Caesar in the modern context is the Government of the day or in a wider context everyone in the state.
People hate paying tax and try all sorts of scheme's at evasion or avoidance. But sometimes people tie themselves in terrible knots just for the sake of avoiding paying tax.
For example sole traders borrow to the hilt to save tax but instead have to pay back huge loans. Which puts them under large burdens and risk from changes to their income. And their businesses must always "grow" in this sort of a scenario which brings more problems.
And I suppose this line of thought came from reading all the pension threads on Askaboutmoney at the moment. It's great saving tax through paying into pensions but there is a risk that you may not be around to benefit from them at the far end. In which case "Caesar" or someone else will benefit from your hard work anyway.
It's a bit of a balancing act.


----------



## T McGibney (28 Sep 2018)

RichInSpirit said:


> "Pay unto Caesar what is Caesar's" is a quote from the Bible (maybe not exact) about paying your Tax.
> Caesar in the modern context is the Government of the day or in a wider context everyone in the state.
> People hate paying tax and try all sorts of scheme's at evasion or avoidance.
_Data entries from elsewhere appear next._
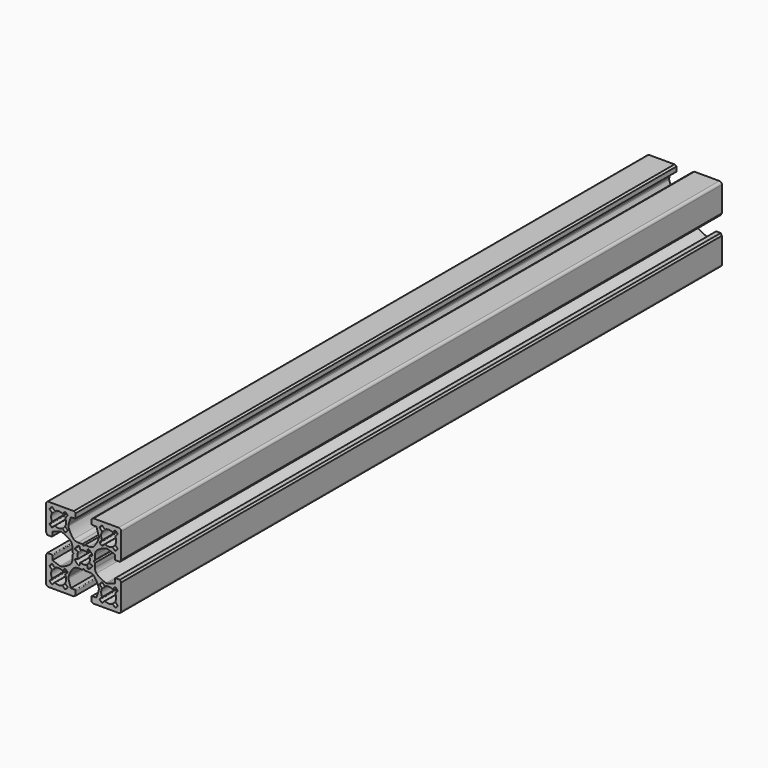
from build123d import *

# Parameters (mm, degrees)
F1_DEPTH = 300


# Not quite as in the source:
# - ends of sketch curves that miss each other by under 0.0002 mm in the source are joined


with BuildPart() as f1:
    # F0 (on Front) → F1 (new body)
    with BuildSketch(Plane.XZ):
        with BuildLine():
            Line((-16.817882, -28.053804), (-15.317882, -28.053804))
            ThreePointArc((-15.317882, -28.053804), (-15.2613573135, -27.5251941322), (-15.0943392862, -27.0204878701))
            ThreePointArc((-15.0943392862, -27.0204878701), (-15.1018556445, -26.757114112), (-15.3142900125, -26.6012490693))
            Line((-15.3142900125, -26.6012490693), (-16.055223, -26.467679))
            ThreePointArc((-16.055223, -26.467679), (-16.2747726412, -26.2973161033), (-16.2602657097, -26.0198001716))
            ThreePointArc((-16.2602657097, -26.0198001716), (-15.6451391247, -25.2265468753), (-14.8518861678, -24.611419716))
            ThreePointArc((-14.8518861678, -24.611419716), (-14.574370128, -24.5969122529), (-14.4040070693, -24.8164620125))
            Line((-14.4040070693, -24.8164620125), (-14.270436, -25.557396))
            ThreePointArc((-14.270436, -25.557396), (-14.114570705, -25.7698304515), (-13.8511966819, -25.7773467007))
            ThreePointArc((-13.8511966819, -25.7773467007), (-13.3464912208, -25.6103285465), (-12.817882, -25.553804))
            Line((-12.817882, -25.553804), (-12.817882, -24.053804))
            Line((-12.817882, -24.053804), (-13.317882, -23.553804))
            Line((-13.317882, -23.553804), (-15.035723, -23.553804))
            ThreePointArc((-15.035723, -23.553804), (-15.9762206131, -23.4025693887), (-16.8218943655, -22.9641134932))
            ThreePointArc((-16.8218943655, -22.9641134932), (-18.0925440917, -21.1637239049), (-18.9312372647, -19.1259440756))
            ThreePointArc((-18.9312372647, -19.1259440756), (-18.952848093, -18.864054156), (-18.9054896298, -18.6055767962))
            Line((-18.9054896298, -18.6055767962), (-17.917882, -15.553804))
            Line((-17.917882, -15.553804), (-16.267882, -15.553804))
            ThreePointArc((-16.267882, -15.553804), (-16.0557499656, -15.4659360344), (-15.967882, -15.253804))
            Line((-15.967882, -15.253804), (-15.967882, -13.553804))
            Line((-15.967882, -13.553804), (-16.767882, -13.053804))
            Line((-16.767882, -13.053804), (-26.817882, -13.053804))
            ThreePointArc((-26.817882, -13.053804), (-27.5249887812, -13.3466972188), (-27.817882, -14.053804))
            Line((-27.817882, -14.053804), (-27.817882, -24.103804))
            Line((-27.817882, -24.103804), (-27.317882, -24.903804))
            Line((-27.317882, -24.903804), (-25.617882, -24.903804))
            ThreePointArc((-25.617882, -24.903804), (-25.4057499656, -24.8159360344), (-25.317882, -24.603804))
            Line((-25.317882, -24.603804), (-25.317882, -22.953804))
            Line((-25.317882, -22.953804), (-22.266108, -21.966196))
            ThreePointArc((-22.266108, -21.966196), (-22.0076307271, -21.9188378518), (-21.7457409226, -21.9404486442))
            ThreePointArc((-21.7457409226, -21.9404486442), (-19.7079616374, -22.7791421598), (-17.907572504, -24.049791567))
            ThreePointArc((-17.907572504, -24.049791567), (-17.4691166439, -24.8954652882), (-17.317882, -25.835963))
            Line((-17.317882, -25.835963), (-17.317882, -27.553804))
            Line((-17.317882, -27.553804), (-16.817882, -28.053804))
        make_face()
        with BuildLine():
            ThreePointArc((-20.1318415243, -16.7176952608), (-19.817882, -18.053804), (-20.1318415243, -19.3899127392))
            ThreePointArc((-20.1318415243, -19.3899127392), (-20.1593135799, -19.5718836819), (-20.0753690344, -19.7356560344))
            Line((-20.0753690344, -19.7356560344), (-19.334799, -20.476227))
            ThreePointArc((-19.334799, -20.476227), (-19.2473630595, -20.6722640002), (-19.3132911489, -20.8765408801))
            ThreePointArc((-19.3132911489, -20.8765408801), (-19.6359009875, -21.2357840182), (-19.9951440617, -21.5583939234))
            ThreePointArc((-19.9951440617, -21.5583939234), (-20.1994212978, -21.6243229782), (-20.3954590344, -21.5368870344))
            Line((-20.3954590344, -21.5368870344), (-21.136029, -20.796316))
            ThreePointArc((-21.136029, -20.796316), (-21.2998015274, -20.7123715492), (-21.4817721923, -20.7398436134))
            ThreePointArc((-21.4817721923, -20.7398436134), (-22.8178815523, -21.053804), (-24.153991138, -20.7398442773))
            ThreePointArc((-24.153991138, -20.7398442773), (-24.3359616819, -20.7123714201), (-24.4997340344, -20.7963159656))
            Line((-24.4997340344, -20.7963159656), (-25.240304, -21.536887))
            ThreePointArc((-25.240304, -21.536887), (-25.4363417022, -21.6243229782), (-25.6406189751, -21.5583939691))
            ThreePointArc((-25.6406189751, -21.5583939691), (-25.9998625153, -21.2357845153), (-26.322472412, -20.8765413318))
            ThreePointArc((-26.322472412, -20.8765413318), (-26.3884009573, -20.6722643134), (-26.3009650344, -20.4762269656))
            Line((-26.3009650344, -20.4762269656), (-25.560394, -19.735656))
            ThreePointArc((-25.560394, -19.735656), (-25.4764494201, -19.5718836819), (-25.5039220121, -19.389913006))
            ThreePointArc((-25.5039220121, -19.389913006), (-25.817882, -18.053804), (-25.5039222773, -16.717694862))
            ThreePointArc((-25.5039222773, -16.717694862), (-25.4764494201, -16.5357243181), (-25.5603939656, -16.3719519656))
            Line((-25.5603939656, -16.3719519656), (-26.300965, -15.631381))
            ThreePointArc((-26.300965, -15.631381), (-26.3884009573, -15.4353436866), (-26.3224724576, -15.2310666314))
            ThreePointArc((-26.3224724576, -15.2310666314), (-25.9998625153, -14.8718234847), (-25.6406193318, -14.549213588))
            ThreePointArc((-25.6406193318, -14.549213588), (-25.4363417022, -14.4832850218), (-25.2403039656, -14.5707209656))
            Line((-25.2403039656, -14.5707209656), (-24.499734, -15.311292))
            ThreePointArc((-24.499734, -15.311292), (-24.3359616819, -15.3952365799), (-24.153991006, -15.3677639879))
            ThreePointArc((-24.153991006, -15.3677639879), (-22.8178815523, -15.053804), (-21.4817720604, -15.3677641214))
            ThreePointArc((-21.4817720604, -15.3677641214), (-21.2998015274, -15.3952364508), (-21.1360294656, -15.3112915344))
            Line((-21.1360294656, -15.3112915344), (-20.395459, -14.570721))
            ThreePointArc((-20.395459, -14.570721), (-20.1994212978, -14.4832850218), (-19.9951440249, -14.5492140309))
            ThreePointArc((-19.9951440249, -14.5492140309), (-19.6359009875, -14.8718239818), (-19.3132911946, -15.2310671567))
            ThreePointArc((-19.3132911946, -15.2310671567), (-19.2473630595, -15.4353439998), (-19.3347989656, -15.6313810344))
            Line((-19.3347989656, -15.6313810344), (-20.075369, -16.371952))
            ThreePointArc((-20.075369, -16.371952), (-20.1593135799, -16.5357243181), (-20.1318415243, -16.7176952608))
        make_face(mode=Mode.SUBTRACT)
        with BuildLine():
            Line((-10.317882, -28.053804), (-8.817882, -28.053804))
            Line((-8.817882, -28.053804), (-8.317882, -27.553804))
            Line((-8.317882, -27.553804), (-8.317882, -25.835963))
            ThreePointArc((-8.317882, -25.835963), (-8.1666472628, -24.8954650055), (-7.7281910149, -24.049790989))
            ThreePointArc((-7.7281910149, -24.049790989), (-5.9278016138, -22.7791417483), (-3.8900220756, -21.9404487353))
            ThreePointArc((-3.8900220756, -21.9404487353), (-3.6281322729, -21.9188378518), (-3.3696549943, -21.9661959825))
            Line((-3.3696549943, -21.9661959825), (-0.317882, -22.953804))
            Line((-0.317882, -22.953804), (-0.317882, -24.603804))
            ThreePointArc((-0.317882, -24.603804), (-0.2300140344, -24.8159360344), (-0.017882, -24.903804))
            Line((-0.017882, -24.903804), (1.682118, -24.903804))
            Line((1.682118, -24.903804), (2.182118, -24.103804))
            Line((2.182118, -24.103804), (2.182118, -14.053804))
            ThreePointArc((2.182118, -14.053804), (1.8892247812, -13.3466972188), (1.182118, -13.053804))
            Line((1.182118, -13.053804), (-8.867882, -13.053804))
            Line((-8.867882, -13.053804), (-9.667882, -13.553804))
            Line((-9.667882, -13.553804), (-9.667882, -15.253804))
            ThreePointArc((-9.667882, -15.253804), (-9.5800140344, -15.4659360344), (-9.367882, -15.553804))
            Line((-9.367882, -15.553804), (-7.717882, -15.553804))
            Line((-7.717882, -15.553804), (-6.730274, -18.605577))
            ThreePointArc((-6.730274, -18.605577), (-6.6829159047, -18.8640542036), (-6.7045263914, -19.1259439149))
            ThreePointArc((-6.7045263914, -19.1259439149), (-7.5432189083, -21.1637239049), (-8.8138685119, -22.9641134339))
            ThreePointArc((-8.8138685119, -22.9641134339), (-9.6595430055, -23.4025692628), (-10.600041, -23.553804))
            Line((-10.600041, -23.553804), (-12.317882, -23.553804))
            Line((-12.317882, -23.553804), (-12.817882, -24.053804))
            Line((-12.817882, -24.053804), (-12.817882, -25.553804))
            ThreePointArc((-12.817882, -25.553804), (-12.2892723342, -25.6103286428), (-11.7845662465, -25.777346543))
            ThreePointArc((-11.7845662465, -25.777346543), (-11.521192295, -25.7698304515), (-11.3653270693, -25.5573959875))
            Line((-11.3653270693, -25.5573959875), (-11.231756, -24.816462))
            ThreePointArc((-11.231756, -24.816462), (-11.061392872, -24.5969122529), (-10.7838767336, -24.6114195492))
            ThreePointArc((-10.7838767336, -24.6114195492), (-9.990624391, -25.2265473595), (-9.3754974572, -26.0198002702))
            ThreePointArc((-9.3754974572, -26.0198002702), (-9.3609903588, -26.2973161033), (-9.5805400125, -26.4676789307))
            Line((-9.5805400125, -26.4676789307), (-10.321473, -26.601249))
            ThreePointArc((-10.321473, -26.601249), (-10.5339073555, -26.757114112), (-10.5414238716, -27.0204879417))
            ThreePointArc((-10.5414238716, -27.0204879417), (-10.3744066428, -27.5251943342), (-10.317882, -28.053804))
        make_face()
        with BuildLine():
            ThreePointArc((-5.5627339656, -19.7356560344), (-5.4787894201, -19.5718836819), (-5.5062620121, -19.389913006))
            ThreePointArc((-5.5062620121, -19.389913006), (-5.820221, -18.053804), (-5.5062614757, -16.7176952608))
            ThreePointArc((-5.5062614757, -16.7176952608), (-5.4787894201, -16.5357243181), (-5.5627339656, -16.3719519656))
            Line((-5.5627339656, -16.3719519656), (-6.303305, -15.631381))
            ThreePointArc((-6.303305, -15.631381), (-6.3907399595, -15.4353436467), (-6.3248118511, -15.2310671199))
            ThreePointArc((-6.3248118511, -15.2310671199), (-6.0022020125, -14.8718239818), (-5.6429589383, -14.5492140766))
            ThreePointArc((-5.6429589383, -14.5492140766), (-5.4386817022, -14.4832850218), (-5.2426439656, -14.5707209656))
            Line((-5.2426439656, -14.5707209656), (-4.502074, -15.311292))
            ThreePointArc((-4.502074, -15.311292), (-4.3383016819, -15.3952365799), (-4.156331006, -15.3677639879))
            ThreePointArc((-4.156331006, -15.3677639879), (-2.8202214477, -15.053804), (-1.484111862, -15.3677637227))
            ThreePointArc((-1.484111862, -15.3677637227), (-1.3021413181, -15.3952365799), (-1.1383689656, -15.3112920344))
            Line((-1.1383689656, -15.3112920344), (-0.397799, -14.570721))
            ThreePointArc((-0.397799, -14.570721), (-0.2017612978, -14.4832850218), (0.0025159751, -14.5492140309))
            ThreePointArc((0.0025159751, -14.5492140309), (0.3617595153, -14.8718234847), (0.684369412, -15.2310666682))
            ThreePointArc((0.684369412, -15.2310666682), (0.7502979573, -15.4353436866), (0.6628620344, -15.6313810344))
            Line((0.6628620344, -15.6313810344), (-0.077709, -16.371952))
            ThreePointArc((-0.077709, -16.371952), (-0.1616535799, -16.5357243181), (-0.1341809879, -16.717694994))
            ThreePointArc((-0.1341809879, -16.717694994), (0.179779, -18.053804), (-0.1341807227, -19.389913138))
            ThreePointArc((-0.1341807227, -19.389913138), (-0.1616535799, -19.5718836819), (-0.0777090344, -19.7356560344))
            Line((-0.0777090344, -19.7356560344), (0.662862, -20.476227))
            ThreePointArc((0.662862, -20.476227), (0.7502979573, -20.6722643134), (0.6843694576, -20.8765413686))
            ThreePointArc((0.6843694576, -20.8765413686), (0.3617595153, -21.2357845153), (0.0025163318, -21.558394412))
            ThreePointArc((0.0025163318, -21.558394412), (-0.2017612978, -21.6243229782), (-0.3977990344, -21.5368870344))
            Line((-0.3977990344, -21.5368870344), (-1.138369, -20.796316))
            ThreePointArc((-1.138369, -20.796316), (-1.3021413181, -20.7123714201), (-1.484111994, -20.7398440121))
            ThreePointArc((-1.484111994, -20.7398440121), (-2.8202214477, -21.053804), (-4.1563309396, -20.7398438786))
            ThreePointArc((-4.1563309396, -20.7398438786), (-4.3383016819, -20.7123714201), (-4.5020740344, -20.7963159656))
            Line((-4.5020740344, -20.7963159656), (-5.242644, -21.536887))
            ThreePointArc((-5.242644, -21.536887), (-5.4386817022, -21.6243229782), (-5.6429589751, -21.5583939691))
            ThreePointArc((-5.6429589751, -21.5583939691), (-6.0022020125, -21.2357840182), (-6.3248118054, -20.8765408433))
            ThreePointArc((-6.3248118054, -20.8765408433), (-6.3907399595, -20.6722643533), (-6.3033045344, -20.4762274656))
            Line((-6.3033045344, -20.4762274656), (-5.5627339656, -19.7356560344))
        make_face(mode=Mode.SUBTRACT)
        with BuildLine():
            Line((-8.317882, -28.553804), (-8.817882, -28.053804))
            Line((-8.817882, -28.053804), (-10.317882, -28.053804))
            ThreePointArc((-10.317882, -28.053804), (-10.3744066428, -28.5824136658), (-10.541424543, -29.0871197535))
            ThreePointArc((-10.541424543, -29.0871197535), (-10.5339073967, -29.3504938095), (-10.3214731621, -29.5063588992))
            Line((-10.3214731621, -29.5063588992), (-9.58054, -29.639929))
            ThreePointArc((-9.58054, -29.639929), (-9.3609903588, -29.8102918967), (-9.3754972903, -30.0878078284))
            ThreePointArc((-9.3754972903, -30.0878078284), (-9.990624391, -30.8810606405), (-10.783877091, -31.496187846))
            ThreePointArc((-10.783877091, -31.496187846), (-11.061392872, -31.5106957471), (-11.2317559307, -31.2911459875))
            Line((-11.2317559307, -31.2911459875), (-11.365327, -30.550212))
            ThreePointArc((-11.365327, -30.550212), (-11.521192112, -30.3377776445), (-11.7845659417, -30.3302611284))
            ThreePointArc((-11.7845659417, -30.3302611284), (-12.2892721322, -30.4972793135), (-12.817882, -30.553804))
            Line((-12.817882, -30.553804), (-12.817882, -32.053804))
            Line((-12.817882, -32.053804), (-12.317882, -32.553804))
            Line((-12.317882, -32.553804), (-10.600041, -32.553804))
            ThreePointArc((-10.600041, -32.553804), (-9.6595430055, -32.7050387372), (-8.813868989, -33.1434949851))
            ThreePointArc((-8.813868989, -33.1434949851), (-7.5432189083, -34.9438840951), (-6.7045257353, -36.9816639244))
            ThreePointArc((-6.7045257353, -36.9816639244), (-6.6829158812, -37.2435533212), (-6.7302739825, -37.5020300057))
            Line((-6.7302739825, -37.5020300057), (-7.717882, -40.553804))
            Line((-7.717882, -40.553804), (-9.367882, -40.553804))
            ThreePointArc((-9.367882, -40.553804), (-9.5800140344, -40.6416719656), (-9.667882, -40.853804))
            Line((-9.667882, -40.853804), (-9.667882, -42.553804))
            Line((-9.667882, -42.553804), (-8.867882, -43.053804))
            Line((-8.867882, -43.053804), (1.182118, -43.053804))
            ThreePointArc((1.182118, -43.053804), (1.8892247812, -42.7609107812), (2.182118, -42.053804))
            Line((2.182118, -42.053804), (2.182118, -32.003804))
            Line((2.182118, -32.003804), (1.682118, -31.203804))
            Line((1.682118, -31.203804), (-0.017882, -31.203804))
            ThreePointArc((-0.017882, -31.203804), (-0.2300140344, -31.2916719656), (-0.317882, -31.503804))
            Line((-0.317882, -31.503804), (-0.317882, -33.153804))
            Line((-0.317882, -33.153804), (-3.369655, -34.141412))
            ThreePointArc((-3.369655, -34.141412), (-3.6281322729, -34.1887701482), (-3.8900220774, -34.1671593558))
            ThreePointArc((-3.8900220774, -34.1671593558), (-5.9278016138, -33.3284662517), (-7.7281909374, -32.0578169295))
            ThreePointArc((-7.7281909374, -32.0578169295), (-8.1666472628, -31.2121429945), (-8.317882, -30.271645))
            Line((-8.317882, -30.271645), (-8.317882, -28.553804))
        make_face()
        with BuildLine():
            ThreePointArc((-5.507146239, -39.3904841188), (-5.8210019909, -38.0543501064), (-5.5069379006, -36.7182650494))
            ThreePointArc((-5.5069379006, -36.7182650494), (-5.4794506299, -36.5362965287), (-5.5633824662, -36.3725174663))
            Line((-5.5633824662, -36.3725174663), (-6.303896, -35.631889))
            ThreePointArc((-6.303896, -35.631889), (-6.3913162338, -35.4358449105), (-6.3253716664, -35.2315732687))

But sometimes people tie themselves in terrible knots just for the sake of avoiding paying tax.
> *For example sole traders borrow to the hilt to save tax but instead have to pay back huge loans. *Which puts them under large burdens and risk from changes to their income. And their businesses must always "grow" in this sort of a scenario which brings more problems.
> ...



Struggling to detect a point here. The bit I've highlighted isn't at all reflected by my own experience of 30 years.  Put simply, there's no coherent means of saving tax by borrowing for the sake of it, although you'll hear otherwise on barstools.


----------